### Try it
Of the entries below, return exactly those lines that fall between the one containing "#74=EDGE_CURVE('E164',#65,#73,#71,.F.);" and the one containing "#122=DIRECTION('',(0.,0.,1.));", the two end lines included.

### Given information

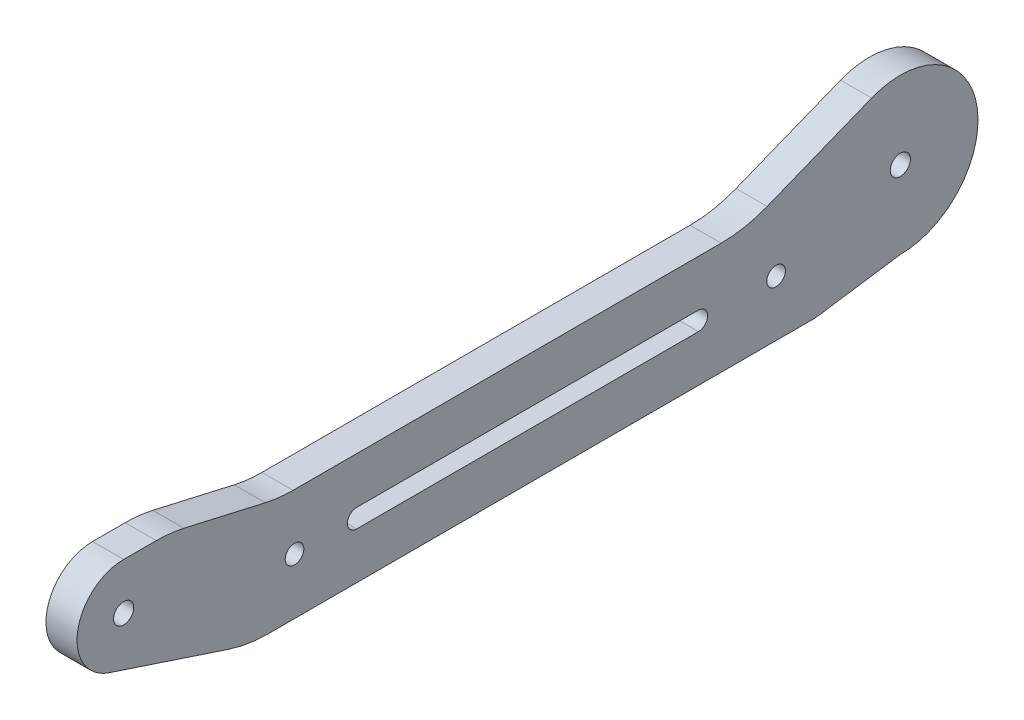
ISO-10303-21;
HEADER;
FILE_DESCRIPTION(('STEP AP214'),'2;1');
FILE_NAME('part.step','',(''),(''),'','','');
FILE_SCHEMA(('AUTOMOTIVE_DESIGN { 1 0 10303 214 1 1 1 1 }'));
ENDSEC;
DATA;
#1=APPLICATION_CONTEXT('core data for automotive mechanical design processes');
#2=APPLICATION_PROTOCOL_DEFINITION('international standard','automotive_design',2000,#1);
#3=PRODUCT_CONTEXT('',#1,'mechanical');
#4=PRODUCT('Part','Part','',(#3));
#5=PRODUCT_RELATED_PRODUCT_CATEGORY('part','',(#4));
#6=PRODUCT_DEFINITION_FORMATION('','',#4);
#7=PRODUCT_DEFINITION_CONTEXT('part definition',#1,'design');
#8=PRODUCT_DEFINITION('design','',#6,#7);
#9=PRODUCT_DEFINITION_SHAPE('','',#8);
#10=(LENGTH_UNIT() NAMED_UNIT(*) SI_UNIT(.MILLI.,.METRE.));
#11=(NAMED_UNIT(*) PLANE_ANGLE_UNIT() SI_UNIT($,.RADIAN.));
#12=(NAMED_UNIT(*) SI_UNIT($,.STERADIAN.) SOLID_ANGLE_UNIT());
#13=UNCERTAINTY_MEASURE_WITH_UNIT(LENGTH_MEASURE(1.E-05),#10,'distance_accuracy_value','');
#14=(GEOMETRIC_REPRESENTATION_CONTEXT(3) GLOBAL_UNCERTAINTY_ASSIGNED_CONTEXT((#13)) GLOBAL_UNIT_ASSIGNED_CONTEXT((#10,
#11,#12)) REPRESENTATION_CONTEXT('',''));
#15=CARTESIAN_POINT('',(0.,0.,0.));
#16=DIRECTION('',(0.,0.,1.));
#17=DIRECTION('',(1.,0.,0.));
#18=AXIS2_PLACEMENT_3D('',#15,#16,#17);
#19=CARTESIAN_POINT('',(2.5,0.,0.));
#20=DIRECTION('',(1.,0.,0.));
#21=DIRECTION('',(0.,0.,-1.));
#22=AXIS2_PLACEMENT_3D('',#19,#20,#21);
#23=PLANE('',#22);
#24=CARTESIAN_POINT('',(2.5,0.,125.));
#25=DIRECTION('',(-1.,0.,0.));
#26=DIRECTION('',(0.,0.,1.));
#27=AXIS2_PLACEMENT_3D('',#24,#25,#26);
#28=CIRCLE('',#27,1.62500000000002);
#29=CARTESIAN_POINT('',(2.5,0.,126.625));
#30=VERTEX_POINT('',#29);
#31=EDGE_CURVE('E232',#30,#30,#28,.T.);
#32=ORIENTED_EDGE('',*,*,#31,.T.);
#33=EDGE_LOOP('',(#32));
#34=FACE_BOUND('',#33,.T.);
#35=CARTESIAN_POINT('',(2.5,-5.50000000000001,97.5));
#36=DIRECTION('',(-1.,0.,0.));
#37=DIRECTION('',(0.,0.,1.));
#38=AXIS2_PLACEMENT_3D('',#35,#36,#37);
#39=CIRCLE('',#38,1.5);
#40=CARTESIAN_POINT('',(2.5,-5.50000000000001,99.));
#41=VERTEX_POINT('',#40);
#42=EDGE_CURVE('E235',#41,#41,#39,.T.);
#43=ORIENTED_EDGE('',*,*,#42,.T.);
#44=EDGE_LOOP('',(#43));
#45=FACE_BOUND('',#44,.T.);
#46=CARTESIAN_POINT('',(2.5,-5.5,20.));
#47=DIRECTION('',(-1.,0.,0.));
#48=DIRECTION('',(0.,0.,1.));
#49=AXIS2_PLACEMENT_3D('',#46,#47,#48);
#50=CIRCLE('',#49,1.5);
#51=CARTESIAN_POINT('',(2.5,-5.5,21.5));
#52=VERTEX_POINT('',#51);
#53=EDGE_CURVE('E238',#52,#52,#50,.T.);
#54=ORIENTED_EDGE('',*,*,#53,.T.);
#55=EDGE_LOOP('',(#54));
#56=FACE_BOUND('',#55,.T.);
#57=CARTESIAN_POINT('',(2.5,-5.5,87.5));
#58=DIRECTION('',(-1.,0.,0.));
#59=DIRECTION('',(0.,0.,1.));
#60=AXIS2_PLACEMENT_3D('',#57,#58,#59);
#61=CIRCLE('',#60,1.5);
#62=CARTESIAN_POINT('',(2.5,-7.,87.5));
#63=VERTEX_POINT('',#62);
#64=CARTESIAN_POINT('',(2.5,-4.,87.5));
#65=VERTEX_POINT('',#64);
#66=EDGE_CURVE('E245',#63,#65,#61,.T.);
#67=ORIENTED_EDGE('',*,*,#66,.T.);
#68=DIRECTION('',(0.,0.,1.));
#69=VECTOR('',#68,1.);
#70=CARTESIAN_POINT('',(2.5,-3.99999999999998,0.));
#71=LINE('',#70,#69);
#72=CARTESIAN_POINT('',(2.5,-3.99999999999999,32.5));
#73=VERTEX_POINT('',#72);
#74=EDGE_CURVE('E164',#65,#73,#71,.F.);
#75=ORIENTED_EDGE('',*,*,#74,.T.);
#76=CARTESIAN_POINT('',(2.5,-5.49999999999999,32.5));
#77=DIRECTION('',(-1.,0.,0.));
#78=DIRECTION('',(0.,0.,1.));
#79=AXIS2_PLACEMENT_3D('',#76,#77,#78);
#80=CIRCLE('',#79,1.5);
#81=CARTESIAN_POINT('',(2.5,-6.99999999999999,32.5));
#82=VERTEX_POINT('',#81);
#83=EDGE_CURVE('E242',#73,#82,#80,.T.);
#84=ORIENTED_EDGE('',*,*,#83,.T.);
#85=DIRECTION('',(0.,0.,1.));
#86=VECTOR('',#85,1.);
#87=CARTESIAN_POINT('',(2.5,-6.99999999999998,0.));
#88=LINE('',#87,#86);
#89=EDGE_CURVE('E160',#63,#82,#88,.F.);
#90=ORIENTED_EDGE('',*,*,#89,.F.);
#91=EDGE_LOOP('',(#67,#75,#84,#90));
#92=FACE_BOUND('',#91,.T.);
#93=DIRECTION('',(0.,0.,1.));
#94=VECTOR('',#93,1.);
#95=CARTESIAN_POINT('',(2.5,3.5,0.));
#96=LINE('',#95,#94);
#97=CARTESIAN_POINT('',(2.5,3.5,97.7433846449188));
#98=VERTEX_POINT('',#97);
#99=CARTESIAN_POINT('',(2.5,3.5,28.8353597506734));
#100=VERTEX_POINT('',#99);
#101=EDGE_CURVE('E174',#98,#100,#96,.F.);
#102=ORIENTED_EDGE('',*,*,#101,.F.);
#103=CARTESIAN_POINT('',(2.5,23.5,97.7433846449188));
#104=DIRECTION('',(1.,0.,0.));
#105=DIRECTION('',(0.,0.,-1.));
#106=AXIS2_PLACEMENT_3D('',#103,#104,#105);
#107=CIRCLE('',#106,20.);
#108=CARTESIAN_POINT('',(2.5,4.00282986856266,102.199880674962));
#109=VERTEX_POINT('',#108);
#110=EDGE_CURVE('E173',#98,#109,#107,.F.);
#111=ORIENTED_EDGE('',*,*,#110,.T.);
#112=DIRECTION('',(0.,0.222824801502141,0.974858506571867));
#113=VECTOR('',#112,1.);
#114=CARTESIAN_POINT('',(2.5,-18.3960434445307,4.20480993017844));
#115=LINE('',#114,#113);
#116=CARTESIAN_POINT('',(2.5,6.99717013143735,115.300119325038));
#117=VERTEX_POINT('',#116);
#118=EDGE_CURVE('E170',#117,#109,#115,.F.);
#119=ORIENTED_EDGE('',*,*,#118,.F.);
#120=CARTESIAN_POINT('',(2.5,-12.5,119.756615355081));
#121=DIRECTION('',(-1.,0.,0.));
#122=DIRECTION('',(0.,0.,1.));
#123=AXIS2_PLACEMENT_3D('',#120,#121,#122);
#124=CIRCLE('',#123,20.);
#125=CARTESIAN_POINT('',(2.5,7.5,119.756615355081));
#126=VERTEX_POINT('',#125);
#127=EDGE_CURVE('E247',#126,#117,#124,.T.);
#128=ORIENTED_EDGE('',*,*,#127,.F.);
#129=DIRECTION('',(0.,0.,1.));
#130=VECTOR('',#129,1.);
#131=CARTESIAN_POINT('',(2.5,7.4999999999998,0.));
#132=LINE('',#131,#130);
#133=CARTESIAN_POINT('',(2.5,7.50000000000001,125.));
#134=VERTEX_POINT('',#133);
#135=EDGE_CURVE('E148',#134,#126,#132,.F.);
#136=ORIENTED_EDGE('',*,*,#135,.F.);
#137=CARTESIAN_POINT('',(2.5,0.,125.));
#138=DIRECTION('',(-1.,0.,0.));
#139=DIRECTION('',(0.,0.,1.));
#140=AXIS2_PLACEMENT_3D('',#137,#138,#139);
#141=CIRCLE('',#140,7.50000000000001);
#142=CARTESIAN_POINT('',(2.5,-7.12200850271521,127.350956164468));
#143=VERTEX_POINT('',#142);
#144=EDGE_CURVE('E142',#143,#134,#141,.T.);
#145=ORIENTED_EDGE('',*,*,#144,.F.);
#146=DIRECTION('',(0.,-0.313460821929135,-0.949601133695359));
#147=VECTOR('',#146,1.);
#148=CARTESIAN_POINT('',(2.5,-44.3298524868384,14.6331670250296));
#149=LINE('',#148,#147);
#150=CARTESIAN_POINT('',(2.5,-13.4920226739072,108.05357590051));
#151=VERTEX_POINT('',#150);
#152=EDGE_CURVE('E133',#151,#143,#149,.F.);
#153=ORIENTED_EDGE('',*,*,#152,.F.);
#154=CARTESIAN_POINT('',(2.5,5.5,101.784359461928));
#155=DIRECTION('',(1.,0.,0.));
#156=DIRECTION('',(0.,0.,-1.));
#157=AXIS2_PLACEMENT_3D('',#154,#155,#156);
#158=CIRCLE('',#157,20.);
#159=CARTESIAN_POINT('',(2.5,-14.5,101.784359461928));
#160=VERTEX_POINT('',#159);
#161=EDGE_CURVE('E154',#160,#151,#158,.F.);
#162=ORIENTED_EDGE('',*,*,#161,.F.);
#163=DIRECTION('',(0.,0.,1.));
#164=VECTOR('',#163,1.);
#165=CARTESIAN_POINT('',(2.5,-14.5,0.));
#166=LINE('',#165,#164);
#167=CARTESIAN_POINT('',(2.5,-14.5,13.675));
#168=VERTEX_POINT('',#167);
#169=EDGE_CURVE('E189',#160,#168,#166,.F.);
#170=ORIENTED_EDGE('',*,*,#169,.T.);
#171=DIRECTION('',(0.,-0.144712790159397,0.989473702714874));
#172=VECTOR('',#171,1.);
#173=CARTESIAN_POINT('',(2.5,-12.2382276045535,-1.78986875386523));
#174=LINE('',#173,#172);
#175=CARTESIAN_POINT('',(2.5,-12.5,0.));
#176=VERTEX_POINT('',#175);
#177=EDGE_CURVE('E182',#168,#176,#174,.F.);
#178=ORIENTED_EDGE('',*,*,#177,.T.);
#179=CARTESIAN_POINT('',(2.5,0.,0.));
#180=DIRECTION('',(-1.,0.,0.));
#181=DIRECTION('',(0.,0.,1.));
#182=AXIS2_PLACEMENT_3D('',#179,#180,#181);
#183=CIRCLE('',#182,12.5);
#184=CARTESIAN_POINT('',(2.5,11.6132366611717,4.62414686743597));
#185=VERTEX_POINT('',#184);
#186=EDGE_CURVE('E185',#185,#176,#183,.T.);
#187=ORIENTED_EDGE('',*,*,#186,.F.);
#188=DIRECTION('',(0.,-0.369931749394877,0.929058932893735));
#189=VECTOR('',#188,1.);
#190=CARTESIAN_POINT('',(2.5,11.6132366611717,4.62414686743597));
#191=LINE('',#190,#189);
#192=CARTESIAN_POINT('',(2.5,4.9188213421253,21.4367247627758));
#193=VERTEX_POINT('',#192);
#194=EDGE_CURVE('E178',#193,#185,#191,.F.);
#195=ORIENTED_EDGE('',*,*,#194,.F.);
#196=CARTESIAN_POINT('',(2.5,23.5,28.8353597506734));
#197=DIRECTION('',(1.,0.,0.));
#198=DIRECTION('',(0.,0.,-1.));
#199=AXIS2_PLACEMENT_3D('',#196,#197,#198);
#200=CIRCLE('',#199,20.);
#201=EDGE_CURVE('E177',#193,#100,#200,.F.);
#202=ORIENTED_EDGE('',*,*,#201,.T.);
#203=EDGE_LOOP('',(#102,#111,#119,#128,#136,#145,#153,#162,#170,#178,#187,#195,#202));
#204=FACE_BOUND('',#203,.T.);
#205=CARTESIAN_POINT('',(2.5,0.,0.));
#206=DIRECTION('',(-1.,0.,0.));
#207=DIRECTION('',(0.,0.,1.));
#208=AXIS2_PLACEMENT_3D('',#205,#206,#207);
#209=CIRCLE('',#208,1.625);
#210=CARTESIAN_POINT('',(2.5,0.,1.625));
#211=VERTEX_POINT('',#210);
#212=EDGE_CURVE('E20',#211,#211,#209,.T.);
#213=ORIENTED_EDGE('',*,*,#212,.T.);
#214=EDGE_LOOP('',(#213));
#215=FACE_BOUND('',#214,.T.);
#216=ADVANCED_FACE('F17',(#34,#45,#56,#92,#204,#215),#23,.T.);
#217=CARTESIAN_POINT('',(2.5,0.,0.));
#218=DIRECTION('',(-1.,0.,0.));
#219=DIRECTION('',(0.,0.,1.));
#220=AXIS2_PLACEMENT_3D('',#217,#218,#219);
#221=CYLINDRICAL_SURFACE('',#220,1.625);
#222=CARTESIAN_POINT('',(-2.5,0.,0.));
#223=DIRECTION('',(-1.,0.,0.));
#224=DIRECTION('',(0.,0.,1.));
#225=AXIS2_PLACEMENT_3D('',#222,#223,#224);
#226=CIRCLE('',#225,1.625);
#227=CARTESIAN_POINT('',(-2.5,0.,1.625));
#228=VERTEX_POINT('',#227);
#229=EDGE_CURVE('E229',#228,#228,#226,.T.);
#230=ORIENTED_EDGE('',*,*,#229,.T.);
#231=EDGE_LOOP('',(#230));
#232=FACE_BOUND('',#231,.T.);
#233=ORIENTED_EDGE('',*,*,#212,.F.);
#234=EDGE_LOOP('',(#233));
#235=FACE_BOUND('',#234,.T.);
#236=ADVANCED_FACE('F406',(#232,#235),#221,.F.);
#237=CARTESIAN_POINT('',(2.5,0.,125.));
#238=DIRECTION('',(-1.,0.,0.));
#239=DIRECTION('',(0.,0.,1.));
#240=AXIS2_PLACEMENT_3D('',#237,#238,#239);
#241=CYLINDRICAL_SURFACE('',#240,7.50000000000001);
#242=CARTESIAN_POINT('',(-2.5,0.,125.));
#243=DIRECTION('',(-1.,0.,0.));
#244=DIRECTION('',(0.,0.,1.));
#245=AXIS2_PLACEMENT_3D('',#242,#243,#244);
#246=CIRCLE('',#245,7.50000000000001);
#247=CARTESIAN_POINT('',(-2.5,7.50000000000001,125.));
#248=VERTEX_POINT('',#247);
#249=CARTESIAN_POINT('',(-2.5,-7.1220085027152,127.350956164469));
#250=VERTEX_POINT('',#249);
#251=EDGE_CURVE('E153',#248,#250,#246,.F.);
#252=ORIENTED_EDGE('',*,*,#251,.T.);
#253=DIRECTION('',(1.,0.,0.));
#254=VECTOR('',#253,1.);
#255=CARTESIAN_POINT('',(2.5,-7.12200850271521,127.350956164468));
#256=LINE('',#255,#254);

### The answer
#74=EDGE_CURVE('E164',#65,#73,#71,.F.);
#75=ORIENTED_EDGE('',*,*,#74,.T.);
#76=CARTESIAN_POINT('',(2.5,-5.49999999999999,32.5));
#77=DIRECTION('',(-1.,0.,0.));
#78=DIRECTION('',(0.,0.,1.));
#79=AXIS2_PLACEMENT_3D('',#76,#77,#78);
#80=CIRCLE('',#79,1.5);
#81=CARTESIAN_POINT('',(2.5,-6.99999999999999,32.5));
#82=VERTEX_POINT('',#81);
#83=EDGE_CURVE('E242',#73,#82,#80,.T.);
#84=ORIENTED_EDGE('',*,*,#83,.T.);
#85=DIRECTION('',(0.,0.,1.));
#86=VECTOR('',#85,1.);
#87=CARTESIAN_POINT('',(2.5,-6.99999999999998,0.));
#88=LINE('',#87,#86);
#89=EDGE_CURVE('E160',#63,#82,#88,.F.);
#90=ORIENTED_EDGE('',*,*,#89,.F.);
#91=EDGE_LOOP('',(#67,#75,#84,#90));
#92=FACE_BOUND('',#91,.T.);
#93=DIRECTION('',(0.,0.,1.));
#94=VECTOR('',#93,1.);
#95=CARTESIAN_POINT('',(2.5,3.5,0.));
#96=LINE('',#95,#94);
#97=CARTESIAN_POINT('',(2.5,3.5,97.7433846449188));
#98=VERTEX_POINT('',#97);
#99=CARTESIAN_POINT('',(2.5,3.5,28.8353597506734));
#100=VERTEX_POINT('',#99);
#101=EDGE_CURVE('E174',#98,#100,#96,.F.);
#102=ORIENTED_EDGE('',*,*,#101,.F.);
#103=CARTESIAN_POINT('',(2.5,23.5,97.7433846449188));
#104=DIRECTION('',(1.,0.,0.));
#105=DIRECTION('',(0.,0.,-1.));
#106=AXIS2_PLACEMENT_3D('',#103,#104,#105);
#107=CIRCLE('',#106,20.);
#108=CARTESIAN_POINT('',(2.5,4.00282986856266,102.199880674962));
#109=VERTEX_POINT('',#108);
#110=EDGE_CURVE('E173',#98,#109,#107,.F.);
#111=ORIENTED_EDGE('',*,*,#110,.T.);
#112=DIRECTION('',(0.,0.222824801502141,0.974858506571867));
#113=VECTOR('',#112,1.);
#114=CARTESIAN_POINT('',(2.5,-18.3960434445307,4.20480993017844));
#115=LINE('',#114,#113);
#116=CARTESIAN_POINT('',(2.5,6.99717013143735,115.300119325038));
#117=VERTEX_POINT('',#116);
#118=EDGE_CURVE('E170',#117,#109,#115,.F.);
#119=ORIENTED_EDGE('',*,*,#118,.F.);
#120=CARTESIAN_POINT('',(2.5,-12.5,119.756615355081));
#121=DIRECTION('',(-1.,0.,0.));
#122=DIRECTION('',(0.,0.,1.));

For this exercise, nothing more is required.